Her discussion ignited a conversation about power, positionality, and the appropriation of discourse over the remainder of the symposium. How can and why should people outside of the power structure respond with love? How can we open up spaces for love in academic settings and how do we protect people for whom the vulnerability of love is a very real risk to their lives and careers? What can you do when, as in Argentina, the government appropriates the discourse of love and uses it against you?

These questions and more wended their way through the conference and continue even now. Just today, Professor Orellana sent a post conference reflection on her talk and experience and shared blog posts where she continues to explore the concept of love in education. I recommend you check out her posts “Talking about love in a time of vitriole” and   “Why love? Some reflections on splitting and healing.”

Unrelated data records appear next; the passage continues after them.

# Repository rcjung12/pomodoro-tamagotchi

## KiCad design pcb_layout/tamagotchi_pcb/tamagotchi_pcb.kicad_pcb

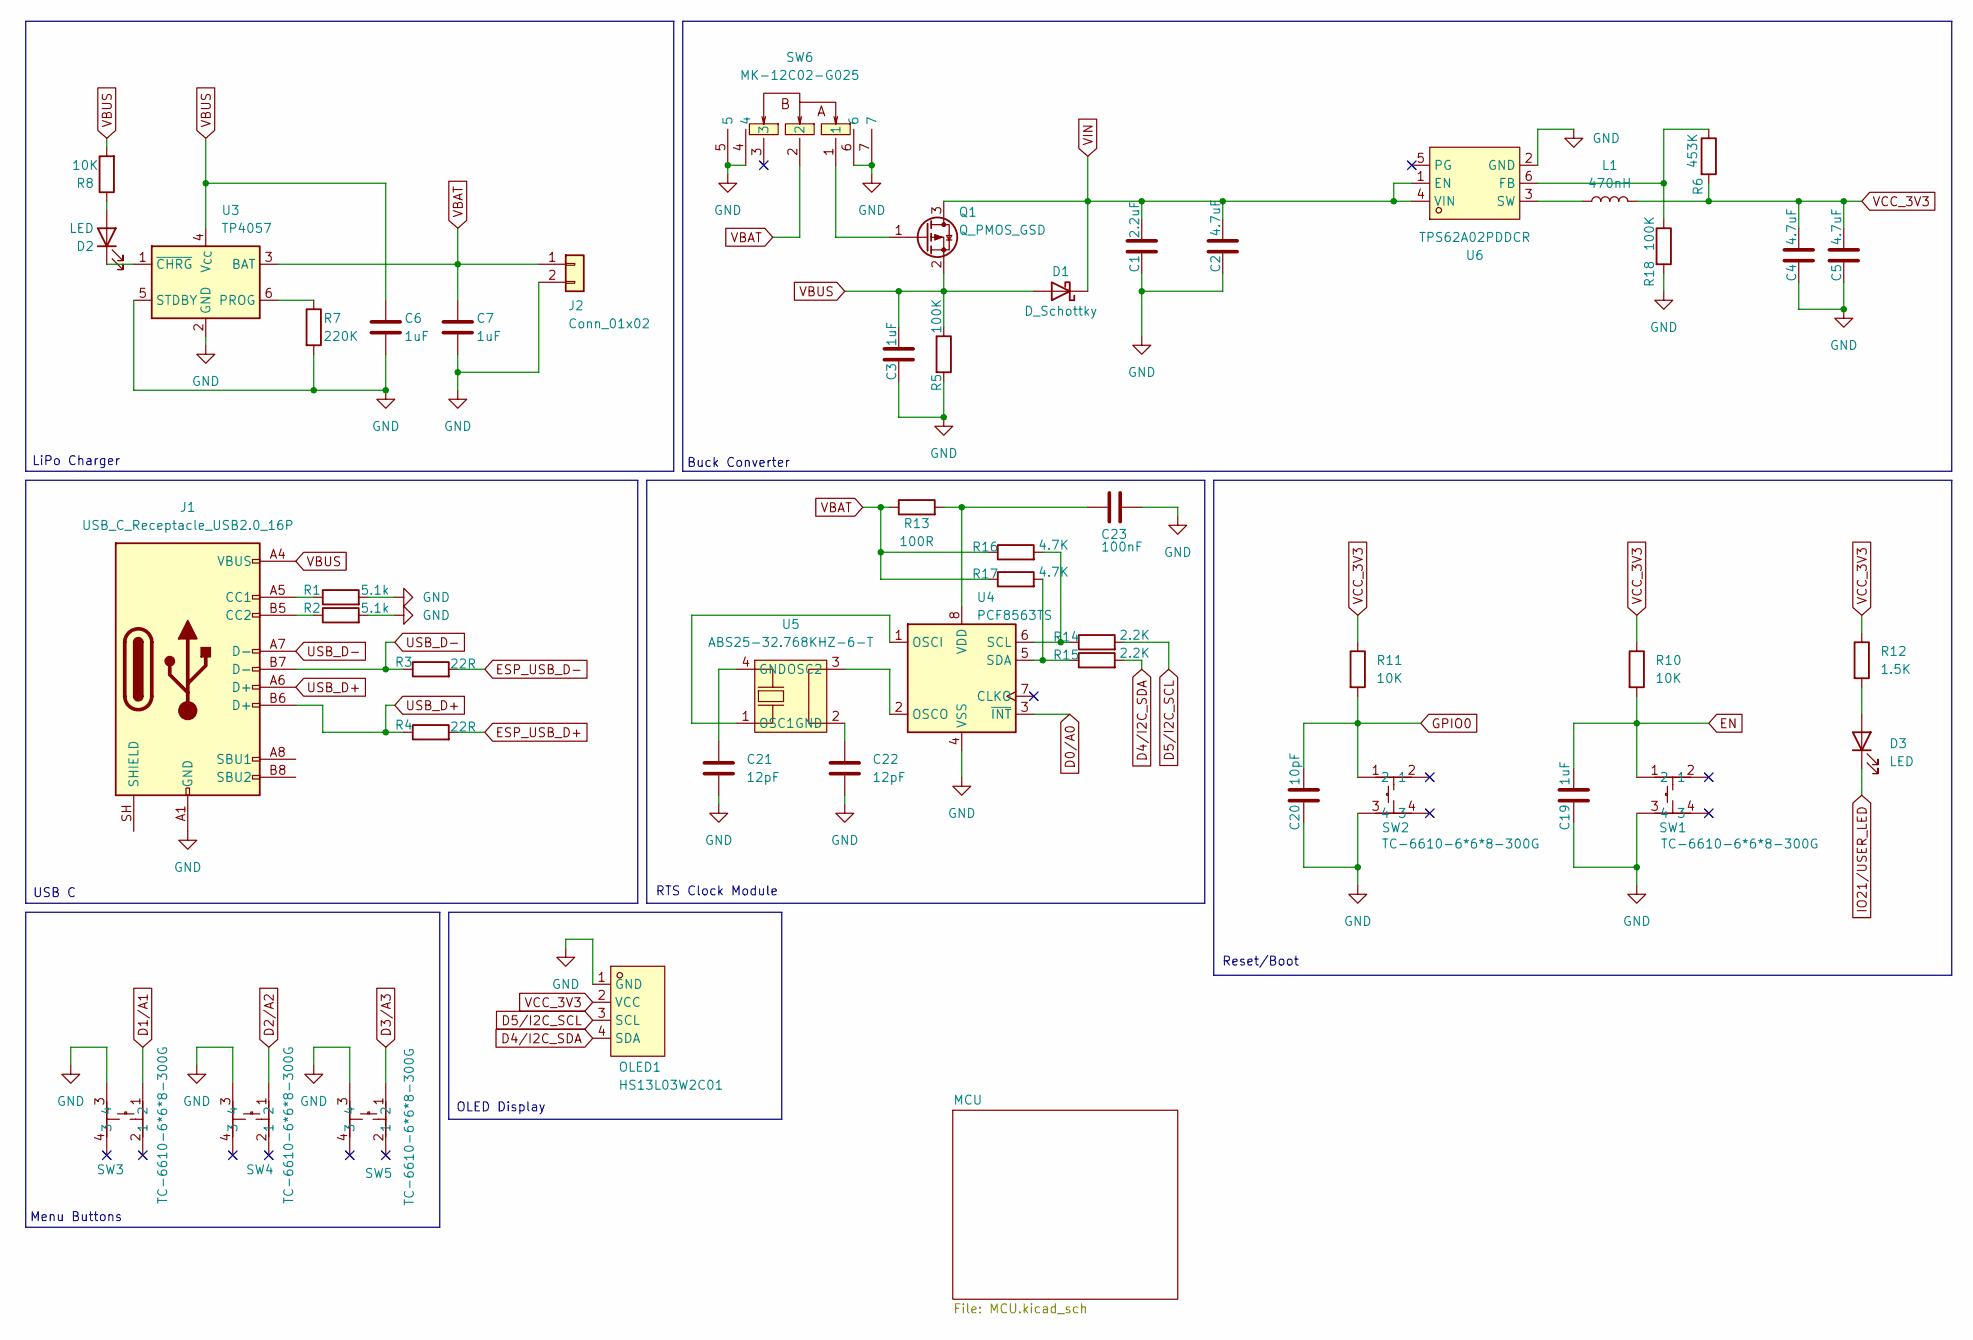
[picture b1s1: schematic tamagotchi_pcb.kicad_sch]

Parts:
C1: 2.2uF; C_0402_1005Metric
C2, C4, C5: 4.7uF; C_0402_1005Metric
C3, C6, C7, C19: 1uF; C_0402_1005Metric
C20: 10pF; C_0402_1005Metric
C21, C22: 12pF; C_0402_1005Metric
C23: 100nF; C_0402_1005Metric
D1: D_Schottky; D_SOD-123
D2, D3: LED; LED_0402_1005Metric
J1: USB_C_Receptacle_USB2.0_16P; USB_C_Receptacle_GCT_USB4105-xx-A_16P_TopMnt_Horizontal
J2: Conn_01x02; JST_PH_S2B-PH-K_1x02_P2.00mm_Horizontal
L1: 470nH; L_0402_1005Metric
OLED1: HS13L03W2C01; OLED-TH_L35.4-W33.5_HS13L03W2C01; MPN HS13L03W2C01; LCSC Part C7465997
Q1: Q_PMOS_GSD; SOT-23
R1, R2: 5.1k; R_0402_1005Metric
R3, R4: 22R; R_0402_1005Metric
R5, R18: 100K; R_0402_1005Metric
R6: 453K; R_0402_1005Metric
R7: 220K; R_0402_1005Metric
R8, R10, R11: 10K; R_0402_1005Metric
R12: 1.5K; R_0402_1005Metric
R13: 100R; R_0402_1005Metric
R14, R15: 2.2K; R_0402_1005Metric
R16, R17: 4.7K; R_0402_1005Metric
SW1, SW2, SW3, SW4, SW5: TC-6610-6*6*8-300G; KEY-TH_4P-L6.0-W6.0-P4.50-LS6.50; MPN TC-6610-6*6*8-300g; LCSC Part C7528712
SW6: MK-12C02-G025; SW-SMD_MK-12C02-G025; MPN MK-12C02-G025; LCSC Part C778186
U3: TP4057; TSOT-23-6
U4: PCF8563TS; MSOP-8_3x3mm_P0.65mm
U5: ABS25-32.768KHZ-6-T; SOJ-4_L8.4-W3.8-P5.5-BL; MPN ABS25-32.768KHZ-6-T; LCSC Part C1985642
U6: TPS62A02PDDCR; SOT-23-6_L2.9-W1.6-P0.95-LS2.9-BL; MPN TPS62A02PDDCR; LCSC Part C22445521

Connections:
D0/A0: U4.3 (~INT); also elsewhere on the board
D1/A1: SW3.1; also elsewhere on the board
D2/A2: SW4.1; also elsewhere on the board
D3/A3: SW5.1; also elsewhere on the board
D4/I2C_SDA: OLED1.4 (SDA), R15.2; also elsewhere on the board
D5/I2C_SCL: OLED1.3 (SCL), R14.2; also elsewhere on the board
EN: C19.1, R10.2, SW1.1; also elsewhere on the board
ESP_USB_D+: R4.2; also elsewhere on the board
ESP_USB_D-: R3.2; also elsewhere on the board
GND: C1.2, C2.2, C3.2, C4.2, C5.2, C6.2, C7.2, C19.2, C20.2, C21.2, C22.2, C23.2, J1.A1 (GND), J1.A12 (GND), J1.B1 (GND), J1.B12 (GND), J2.2, OLED1.1 (GND), R1.2, R2.2, R5.2, R7.2, R18.2, SW1.3, SW2.3, SW3.3, SW4.3, SW5.3, SW6.4, SW6.5, SW6.6, SW6.7, U3.2 (GND), U3.5 (STDBY), U4.4 (VSS), U6.2 (GND); also elsewhere on the board
GPIO0: C20.1, R11.2, SW2.1
IO21/USER_LED: D3.1 (K); also elsewhere on the board
unnamed: C21.1, U5.4 (GND)
unnamed: C22.1, U5.2 (GND)
unnamed: D2.2 (A), R8.1
unnamed: D2.1 (K), U3.1 (~CHRG)
unnamed: D3.2 (A), R12.2
unnamed: J1.A5 (CC1), R1.1
unnamed: J1.B5 (CC2), R2.1
unnamed: Q1.1 (G), SW6.1
unnamed: R7.1, U3.6 (PROG)
unnamed: U4.1 (OSCI), U5.1 (OSC1)
unnamed: U4.2 (OSCO), U5.3 (OSC2)
unnamed: R14.1, R16.2, U4.6 (SCL)
unnamed: R15.1, R17.2, U4.5 (SDA)
unnamed: C23.1, R13.2, U4.8 (VDD)
unnamed: R6.1, R18.1, U6.6 (FB)
unnamed: L1.1, U6.3 (SW)
USB_D+: J1.A6 (D+), J1.B6 (D+), R4.1
USB_D-: J1.A7 (D-), J1.B7 (D-), R3.1
VBAT: C7.1, J2.1, R13.1, R16.1, R17.1, SW6.2, U3.3 (BAT)
VBUS: C3.1, C6.1, D1.2 (A), J1.A4 (VBUS), J1.A9 (VBUS), J1.B4 (VBUS), J1.B9 (VBUS), Q1.2 (S), R5.1, R8.2, U3.4 (V_{CC})
VCC_3V3: C4.1, C5.1, L1.2, OLED1.2 (VCC), R6.2, R10.1, R11.1, R12.1; also elsewhere on the board
VIN: C1.1, C2.1, D1.1 (K), Q1.3 (D), U6.1 (EN), U6.4 (VIN)

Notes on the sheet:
RTS Clock Module
OLED Display
Menu Buttons
Reset/Boot
Buck Converter
USB C
LiPo Charger

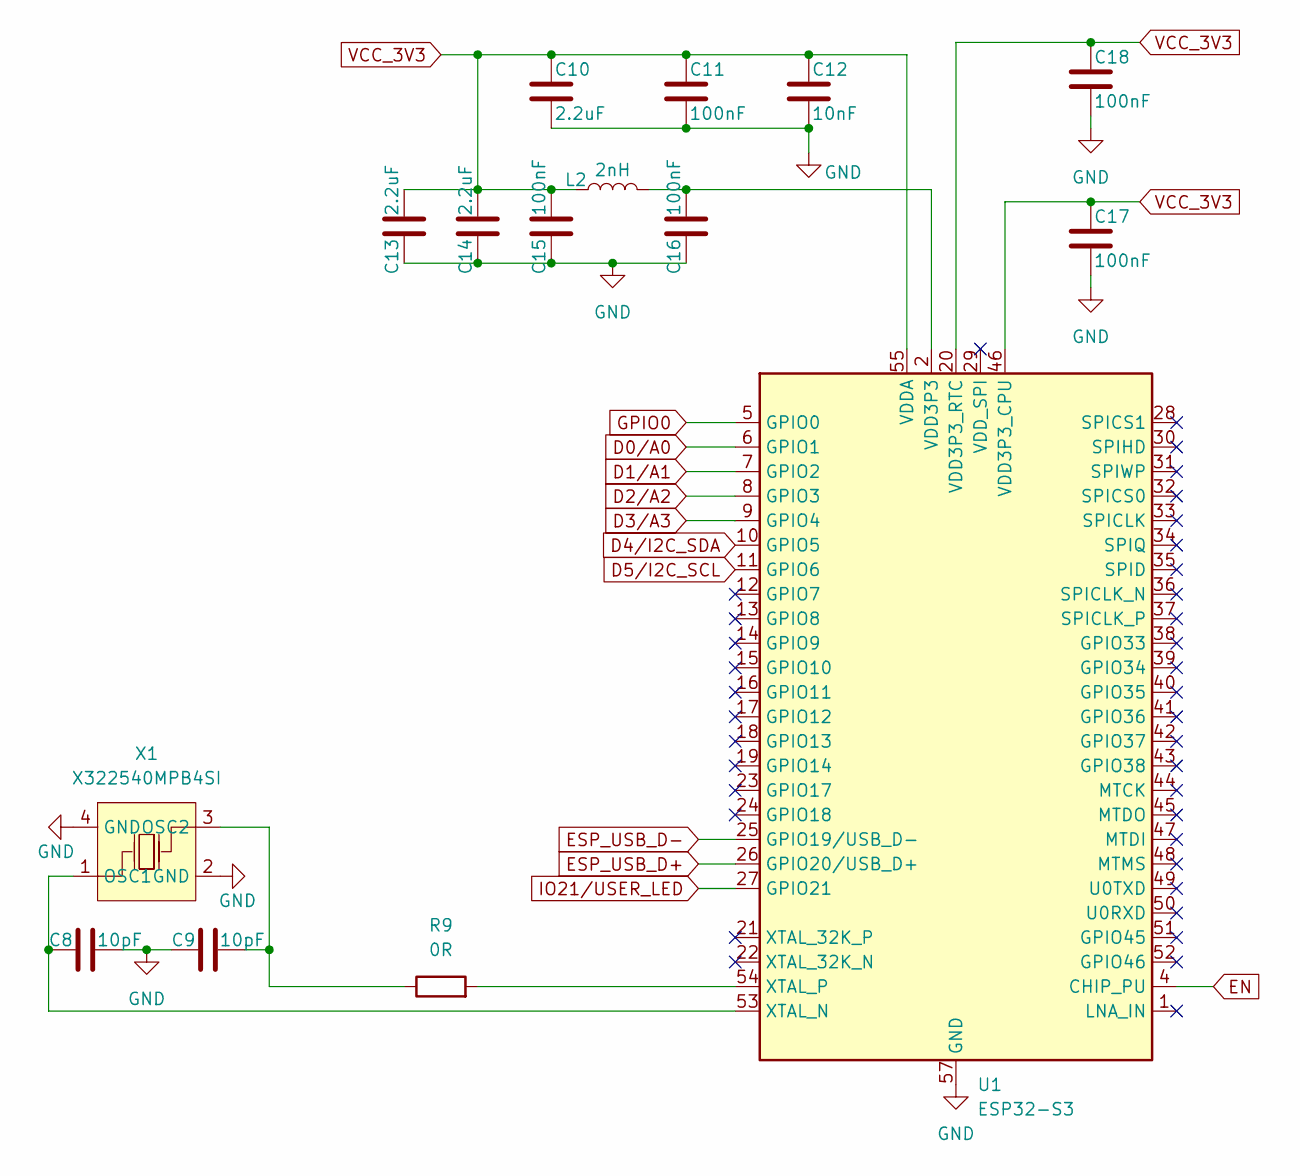
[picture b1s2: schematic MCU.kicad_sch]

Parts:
C8, C9: 10pF; C_0402_1005Metric
C10, C13, C14: 2.2uF; C_0402_1005Metric
C11, C15, C16, C17, C18: 100nF; C_0402_1005Metric
C12: 10nF; C_0402_1005Metric
L2: 2nH; L_0402_1005Metric
R9: 0R; R_0402_1005Metric
U1: ESP32-S3; QFN-56-1EP_7x7mm_P0.4mm_EP4x4mm
X1: X322540MPB4SI; OSC-SMD_4P-L3.2-W2.5-BL_SIT8008BI; MPN X322540MPB4SI; LCSC Part C9010

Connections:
D0/A0: U1.6 (GPIO1); also elsewhere on the board
D1/A1: U1.7 (GPIO2); also elsewhere on the board
D2/A2: U1.8 (GPIO3); also elsewhere on the board
D3/A3: U1.9 (GPIO4); also elsewhere on the board
D4/I2C_SDA: U1.10 (GPIO5); also elsewhere on the board
D5/I2C_SCL: U1.11 (GPIO6); also elsewhere on the board
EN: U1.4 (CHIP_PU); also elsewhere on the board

As for me, I’ve been thinking about the role of love in the research of my students. How can I help them center love in their research? How can I help them articulate their love in a way that honors their cultures and experiences and yet meets their goals within the academy as well? How can I create a space in the academy for them to take the risks necessary to not just acknowledge their love, but openly ground their research in love? Every semester I hope to make the border spaces in my classes broader; to allow my students to re-contextualize knowledge and build their own path to a decolonized education.   This brings me back to that cross-cultural life, that life on the border where we struggle to create shared understanding and meaning.   That border space we occupy together.